Many centuries later, Martin Luther used a similar rhetoric. In his very anti-Jewish writing On the Jews and Their Lies, we find all the medieval anti-Jewish accusations, up to and including poisoning wells and drinking the blood of Christian children. He sees in these stories the confirmation of Jesus' characterisation of the Jews as children of the devil according to John 8:39-44. The Jews should not live among Christians, he writes, "while yet we treat no one so well, and at the same time suffer from no one so much as from those wicked children of the devil, that brood of vipers." 

Dangerous use of biblical texts 

When Rabbi Trachtenberg wrote his book in the United States in 1943, he knew about the persecution of Jews in Europe but did not yet know about its extreme manifestations in the Holocaust. He understood that Christian anti-Jewish expressions were the  result of deep-rooted ideas and stereotypes, many of which unfortunately go back to interpretations of biblical texts. The most harmful of these is the dehumanisation of Jews as children of the devil. More than eighty years after Trachtenberg, and almost eighty years after the end of World War II, the devil is still popular in this context: many conspiracy theories refer to satanic practices that involve drinking blood and sacrificing children: all things Jews were accused of in the Middle Ages. Even today, Jews are often the target of such theories. Recent examples include two cases of anti-Semitic attacks in the United States: at the anti-Semitic rally in Charlotteville in 2017, posters with John 8:31-47 were seen, as well as the text "Jews are children of Satan," and the social media profile of the gunman who killed 11 people in the Pittsburgh synagogue in 2018 also featured John 8:44. 

Can biblical scholarship counter this?  

As biblical scholars, we should be very alert at the use of biblical texts in violent, racist and anti-Semitic contexts. We should not “interpret away” the potentially dangerous connotations of these texts. At the beginning of this blog, I referred to John's gospel as a rhetorical text. The author had a specific intention with his argument: namely, to convince (other) Jews of his time to join the new covenant and accept Jesus as son of God and messiah. By his words he also warned against what would happen if you would not want to follow this path.

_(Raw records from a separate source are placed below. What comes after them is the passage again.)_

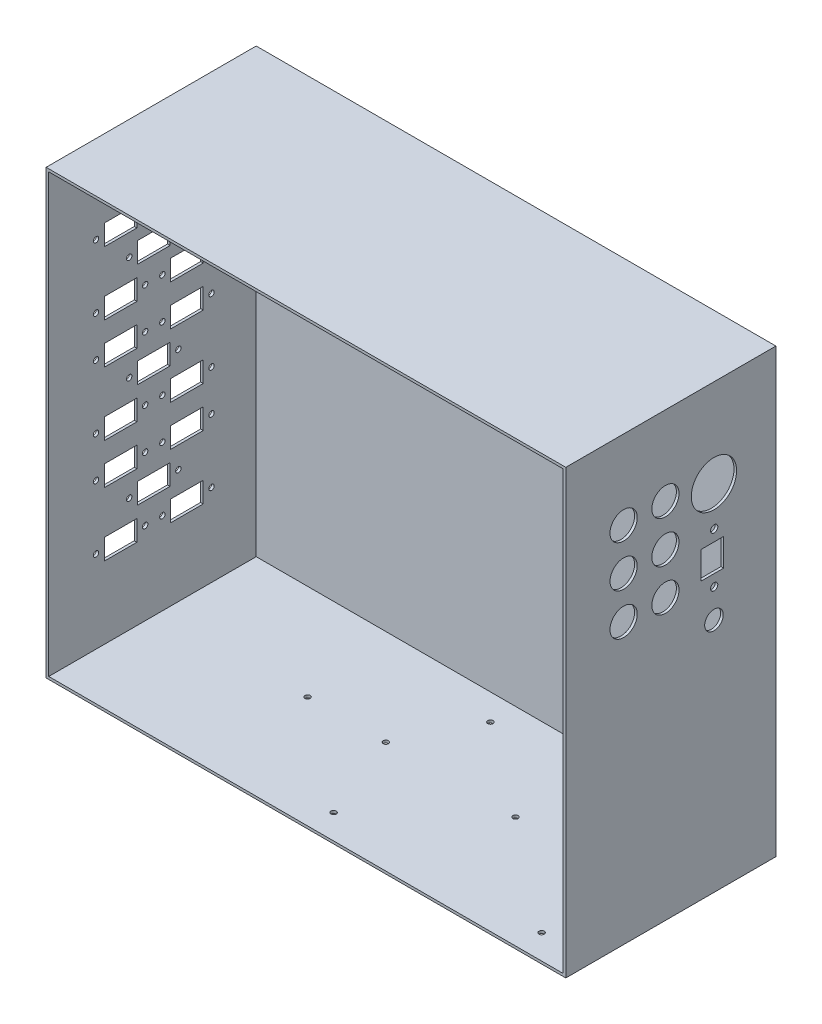
SolidWorks part; units mm, degrees
ref_plane "Front Plane" through (0, 0, 0) normal (0, 0, 1) x (1, 0, 0)
ref_plane "Top Plane" through (0, 0, 0) normal (0, 1, 0) x (1, 0, 0)
ref_plane "Right Plane" through (0, 0, 0) normal (1, 0, 0) x (0, 0, -1)
sketch "Sketch2" plane through (0, 0, 0) normal (0, 0, 1) x (1, 0, 0)
  line L1 (-149.225, 127) -> (149.225, 127)
  line L2 (-149.225, 127) -> (-149.225, -127)
  line L3 (-149.225, -127) -> (149.225, -127)
  line L4 (149.225, 127) -> (149.225, -127)
  line L5 (-149.225, 127) -> (149.225, -127) construction
  line L6 (-149.225, -127) -> (149.225, 127) construction
  point P0 (0, 0)
  dimension "D1" = 298.45
  dimension "D2" = 254
extrude "Boss-Extrude1" add sketch "Sketch2" along normal blind 120.65
shell "Shell1" thickness 1.5 removed face at (0, 0, 120.65)
sketch "Sketch3" plane through (149.225, 0, 0) normal (1, 0, 0) x (0, 0, -1)
  line L0 (-40.4352, 50.2841) -> (-40.4352, 57.3961) construction
  line L1 (-24.3484, 28.5671) -> (-24.2403, 50.2841) construction
  line L2 (-101.6, 95.7164) -> (-19.05, 95.7164) construction
  line L3 (-101.6, 95.7164) -> (-101.6, -88.9) construction
  line L4 (-101.6, -88.9) -> (-19.05, -88.9) construction
  line L5 (-19.05, 95.7164) -> (-19.05, -88.9) construction
  line L6 (-24.3484, 28.5671) -> (-30.4022, 28.5671) construction
  line L7 (-46.489, 28.5671) -> (-46.5749, 50.2841) construction
  line L8 (-24.2403, 50.2841) -> (-30.4022, 50.2841) construction
  line L9 (-30.4022, 50.2841) -> (-30.4022, 57.4161) construction
  line L10 (-40.4352, 28.5671) -> (-46.489, 28.5671) construction
  line L11 (-40.4352, 21.4551) -> (-40.4352, 28.5671) construction
  line L12 (-40.4352, 21.4551) -> (-30.4022, 21.4551) construction
  line L13 (-30.4022, 21.4551) -> (-30.4022, 28.5671) construction
  line L14 (-40.4352, 57.3961) -> (-30.4022, 57.4161) construction
  line L15 (-40.4352, 50.2841) -> (-46.5749, 50.2841) construction
  line L16 (-46.532, 39.4256) -> (-24.2943, 39.4256) construction
  line L17 (-35.4187, 23.6) -> (-35.4187, 57.4061) construction
  line L18 (-43.0873, 31.5516) -> (-43.0873, 47.2996)
  line L19 (-43.0873, 31.5516) -> (-30.0063, 31.5516)
  line L20 (-30.0063, 31.5516) -> (-30.0063, 47.2996)
  line L21 (-43.0873, 47.2996) -> (-30.0063, 47.2996)
  line L24 (-120.65, -127) -> (-120.65, 127) construction
  line L25 (-120.65, -127) -> (0, -127) construction
  circle A0 centre (-87.4395, 33.5559) radius 7.8105
  circle A1 centre (-63.4395, 33.5559) radius 7.8105
  circle A2 centre (-63.4395, 57.5559) radius 7.8105
  circle A3 centre (-63.4395, 81.5559) radius 7.8105
  circle A4 centre (-87.4395, 57.5559) radius 7.8105
  circle A5 centre (-87.4395, 81.5559) radius 7.8105
  circle A6 centre (-35.4187, 25.0111) radius 2.0638
  circle A7 centre (-35.4187, 53.8401) radius 2.0638
  circle A8 centre (-35.56, 8.5011) radius 5.334
  circle A9 centre (-35.56, 76.3489) radius 13.0175
  point P46 (-35.56, -18.9197)
  point P47 (0, 0)
  dimension "D1" = 15.621
  dimension "D4" = 82.55
  dimension "D5" = 14.1605
  dimension "D7" = 19.3675
  dimension "D10" = 28.829
  dimension "D11" = 6.5405
  dimension "D21" = 16.51
  dimension "D6" = 14.1605
  dimension "D8" = 0.512
  dimension "D9" = 13.081
  dimension "D12" = 21.717
  dimension "D13" = 15.748
  dimension "D14" = 7.6686
  dimension "D15" = 0.285
  dimension "D16" = 10.033
  dimension "D17" = 0.227
  dimension "D18" = 16.51
  dimension "D19" = 19.05
  dimension "D20" = 38.1
  dimension "D22" = 0.115
  dimension "D23" = 6.1397
  dimension "D24" = 16.51
  dimension "D2" = 2
  dimension "D3" = 3
extrude "PT Connector Cutouts" cut sketch "Sketch3" against normal up to next
sketch "Sketch4" plane through (-149.225, 0, 0) normal (-1, 0, 0) x (0, 0, 1)
  line L0 (41.275, 72.2563) -> (41.275, 84.0563) construction
  line L1 (31.925, 84.0563) -> (31.925, 72.2563)
  line L2 (31.925, 84.0563) -> (50.625, 84.0563)
  line L3 (50.625, 84.0563) -> (50.625, 72.2563)
  line L4 (31.925, 72.2563) -> (50.625, 72.2563)
  line L10 (22.225, -88.9) -> (98.425, -88.9) construction
  line L11 (22.225, -88.9) -> (22.225, 88.9) construction
  line L12 (22.225, 88.9) -> (98.425, 88.9) construction
  line L13 (98.425, -88.9) -> (98.425, 88.9) construction
  line L73 (120.65, 127) -> (0, 127) construction
  line L74 (0, 127) -> (0, -127) construction
  line L75 (31.925, 86.0563) -> (27.1625, 84.0563) construction
  line L81 (31.925, 70.2563) -> (50.625, 70.2563) construction
  line L83 (31.925, 86.0563) -> (50.625, 86.0563) construction
  line L84 (50.625, 86.0563) -> (55.3875, 84.0563) construction
  line L85 (31.925, 70.2563) -> (27.1625, 72.2563) construction
  line L86 (50.625, 70.2563) -> (55.3875, 72.2563) construction
  line L87 (31.925, 84.0563) -> (50.625, 84.0563) construction
  line L89 (31.925, 72.2563) -> (50.625, 72.2563) construction
  line L91 (31.925, 84.0563) -> (50.625, 84.0563) construction
  line L92 (24.275, 72.2563) -> (24.275, 84.0563) construction
  line L93 (24.275, 72.2563) -> (27.1625, 72.2563) construction
  line L94 (58.275, 72.2563) -> (58.275, 84.0563) construction
  line L95 (24.275, 84.0563) -> (27.1625, 84.0563) construction
  line L98 (55.3875, 84.0563) -> (58.275, 84.0563) construction
  line L99 (55.3875, 72.2563) -> (58.275, 72.2563) construction
  line L100 (31.925, 72.2563) -> (50.625, 72.2563) construction
  line L170 (120.65, -127) -> (0, -127) construction
  line L171 (70.025, 84.0563) -> (70.025, 72.2563)
  line L172 (70.025, 84.0563) -> (88.725, 84.0563)
  line L173 (88.725, 84.0563) -> (88.725, 72.2563)
  line L174 (70.025, 72.2563) -> (88.725, 72.2563)
  line L175 (79.375, 72.2563) -> (79.375, 84.0563) construction
  line L176 (70.025, 86.0563) -> (65.2625, 84.0563) construction
  line L177 (70.025, 70.2563) -> (88.725, 70.2563) construction
  line L178 (70.025, 86.0563) -> (88.725, 86.0563) construction
  line L179 (88.725, 86.0563) -> (93.4875, 84.0563) construction
  line L180 (70.025, 70.2563) -> (65.2625, 72.2563) construction
  line L181 (88.725, 70.2563) -> (93.4875, 72.2563) construction
  line L182 (70.025, 84.0563) -> (88.725, 84.0563) construction
  line L183 (70.025, 72.2563) -> (88.725, 72.2563) construction
  line L184 (70.025, 84.0563) -> (88.725, 84.0563) construction
  line L185 (62.375, 72.2563) -> (62.375, 84.0563) construction
  line L186 (62.375, 72.2563) -> (65.2625, 72.2563) construction
  line L187 (96.375, 72.2563) -> (96.375, 84.0563) construction
  line L188 (62.375, 84.0563) -> (65.2625, 84.0563) construction
  line L189 (93.4875, 84.0563) -> (96.375, 84.0563) construction
  line L190 (93.4875, 72.2563) -> (96.375, 72.2563) construction
  line L191 (70.025, 72.2563) -> (88.725, 72.2563) construction
  line L213 (70.025, 47.5438) -> (70.025, 35.7438)
  line L214 (70.025, 47.5438) -> (88.725, 47.5438)
  line L215 (88.725, 47.5438) -> (88.725, 35.7438)
  line L216 (70.025, 35.7438) -> (88.725, 35.7438)
  line L217 (79.375, 35.7438) -> (79.375, 47.5438) construction
  line L218 (70.025, 49.5438) -> (65.2625, 47.5438) construction
  line L219 (70.025, 33.7438) -> (88.725, 33.7438) construction
  line L220 (70.025, 49.5438) -> (88.725, 49.5438) construction
  line L221 (88.725, 49.5438) -> (93.4875, 47.5438) construction
  line L222 (70.025, 33.7438) -> (65.2625, 35.7438) construction
  line L223 (88.725, 33.7438) -> (93.4875, 35.7438) construction
  line L224 (70.025, 47.5438) -> (88.725, 47.5438) construction
  line L225 (70.025, 35.7438) -> (88.725, 35.7438) construction
  line L226 (70.025, 47.5438) -> (88.725, 47.5438) construction
  line L227 (62.375, 35.7438) -> (62.375, 47.5438) construction
  line L228 (62.375, 35.7438) -> (65.2625, 35.7438) construction
  line L229 (96.375, 35.7438) -> (96.375, 47.5438) construction
  line L230 (62.375, 47.5438) -> (65.2625, 47.5438) construction
  line L231 (93.4875, 47.5438) -> (96.375, 47.5438) construction
  line L232 (93.4875, 35.7438) -> (96.375, 35.7438) construction
  line L233 (70.025, 35.7438) -> (88.725, 35.7438) construction
  line L234 (70.025, 24.1563) -> (70.025, 12.3563)
  line L235 (70.025, 24.1563) -> (88.725, 24.1563)
  line L236 (88.725, 24.1563) -> (88.725, 12.3563)
  line L237 (70.025, 12.3563) -> (88.725, 12.3563)
  line L238 (79.375, 12.3563) -> (79.375, 24.1563) construction
  line L239 (70.025, 26.1563) -> (65.2625, 24.1563) construction
  line L240 (70.025, 10.3563) -> (88.725, 10.3563) construction
  line L241 (70.025, 26.1563) -> (88.725, 26.1563) construction
  line L242 (88.725, 26.1563) -> (93.4875, 24.1563) construction
  line L243 (70.025, 10.3563) -> (65.2625, 12.3563) construction
  line L244 (88.725, 10.3563) -> (93.4875, 12.3563) construction
  line L245 (70.025, 24.1563) -> (88.725, 24.1563) construction
  line L246 (70.025, 12.3563) -> (88.725, 12.3563) construction
  line L247 (70.025, 24.1563) -> (88.725, 24.1563) construction
  line L248 (62.375, 12.3563) -> (62.375, 24.1563) construction
  line L249 (62.375, 12.3563) -> (65.2625, 12.3563) construction
  line L250 (96.375, 12.3563) -> (96.375, 24.1563) construction
  line L251 (62.375, 24.1563) -> (65.2625, 24.1563) construction
  line L252 (93.4875, 24.1563) -> (96.375, 24.1563) construction
  line L253 (93.4875, 12.3563) -> (96.375, 12.3563) construction
  line L254 (70.025, 12.3563) -> (88.725, 12.3563) construction
  line L276 (70.025, -12.3562) -> (70.025, -24.1562)
  line L277 (70.025, -12.3562) -> (88.725, -12.3562)
  line L278 (88.725, -12.3562) -> (88.725, -24.1562)
  line L279 (70.025, -24.1562) -> (88.725, -24.1562)
  line L280 (79.375, -24.1562) -> (79.375, -12.3562) construction
  line L281 (70.025, -10.3562) -> (65.2625, -12.3562) construction
  line L282 (70.025, -26.1562) -> (88.725, -26.1562) construction
  line L283 (70.025, -10.3562) -> (88.725, -10.3562) construction
  line L284 (88.725, -10.3562) -> (93.4875, -12.3562) construction
  line L285 (70.025, -26.1562) -> (65.2625, -24.1562) construction
  line L286 (88.725, -26.1562) -> (93.4875, -24.1562) construction
  line L287 (70.025, -12.3562) -> (88.725, -12.3562) construction
  line L288 (70.025, -24.1562) -> (88.725, -24.1562) construction
  line L289 (70.025, -12.3562) -> (88.725, -12.3562) construction
  line L290 (62.375, -24.1562) -> (62.375, -12.3562) construction
  line L291 (62.375, -24.1562) -> (65.2625, -24.1562) construction
  line L292 (96.375, -24.1562) -> (96.375, -12.3562) construction
  line L293 (62.375, -12.3562) -> (65.2625, -12.3562) construction
  line L294 (93.4875, -12.3562) -> (96.375, -12.3562) construction
  line L295 (93.4875, -24.1562) -> (96.375, -24.1562) construction
  line L296 (70.025, -24.1562) -> (88.725, -24.1562) construction
  line L297 (70.025, -35.7437) -> (70.025, -47.5437)
  line L298 (70.025, -35.7437) -> (88.725, -35.7437)
  line L299 (88.725, -35.7437) -> (88.725, -47.5437)
  line L300 (70.025, -47.5437) -> (88.725, -47.5437)
  line L301 (79.375, -47.5437) -> (79.375, -35.7437) construction
  line L302 (70.025, -33.7437) -> (65.2625, -35.7437) construction
  line L303 (70.025, -49.5437) -> (88.725, -49.5437) construction
  line L304 (70.025, -33.7437) -> (88.725, -33.7437) construction
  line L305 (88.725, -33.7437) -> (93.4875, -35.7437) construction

Therefore, the words the author of the gospel puts in Jesus' mouth are primarily John's rhetoric and may not even go back to the historical Jesus. Later, this gospel, along with the rest of the New Testament books, was canonized as the "word of God." For many, this means that it conveys an eternal, unchanging truth, independent of historical or literary context. This was the case with the Church Fathers, and with Luther, and even today there are still people who use the Bible in this way. Especially when this is done with negative intentions, it can have very harmful consequences. 

Academic Biblical scholarship has developed tools to recognise literary genres in Biblical texts, such as rhetoric, and disputation. We can use these tools to warn against fundamentalist use of Biblical texts, but also of the writings of, for example, Chrysostom and Luther, especially where this has potentially very dangerous effects.  

Lieve Teugels is Marko Feingold fellow at Paris Lodron University in Salzburg, Austria, until the end of this year. Her assignment is to research anti-Semitism in pre-modern times. In that context, she examines Christian anti-Jewish images, iconographically and in texts. One of the connections that often comes up in those images is the connection between Jews and the devil.

Sources

  1. Joshua Trachtenberg and Marc Saperstein, The Devil and the Jews: The Medieval Conception of the Jew and Its Relation to Modern Anti-Semitism, 2nd edition. (reprint: Philadelphia: Jewish Publication Society, 2002). 
  2. Adele Reinhartz: https://www.jcrelations.net/articles/article/children-of-the-devil-john-844-and-its-early-reception.html 
  3. Kathleen Gallagher Elkins, “The Jews as “Children of the Devil” (John 8:44) in Nazi Children’s Literature. Biblical Interpretation, 31/3 (2022), 374-390.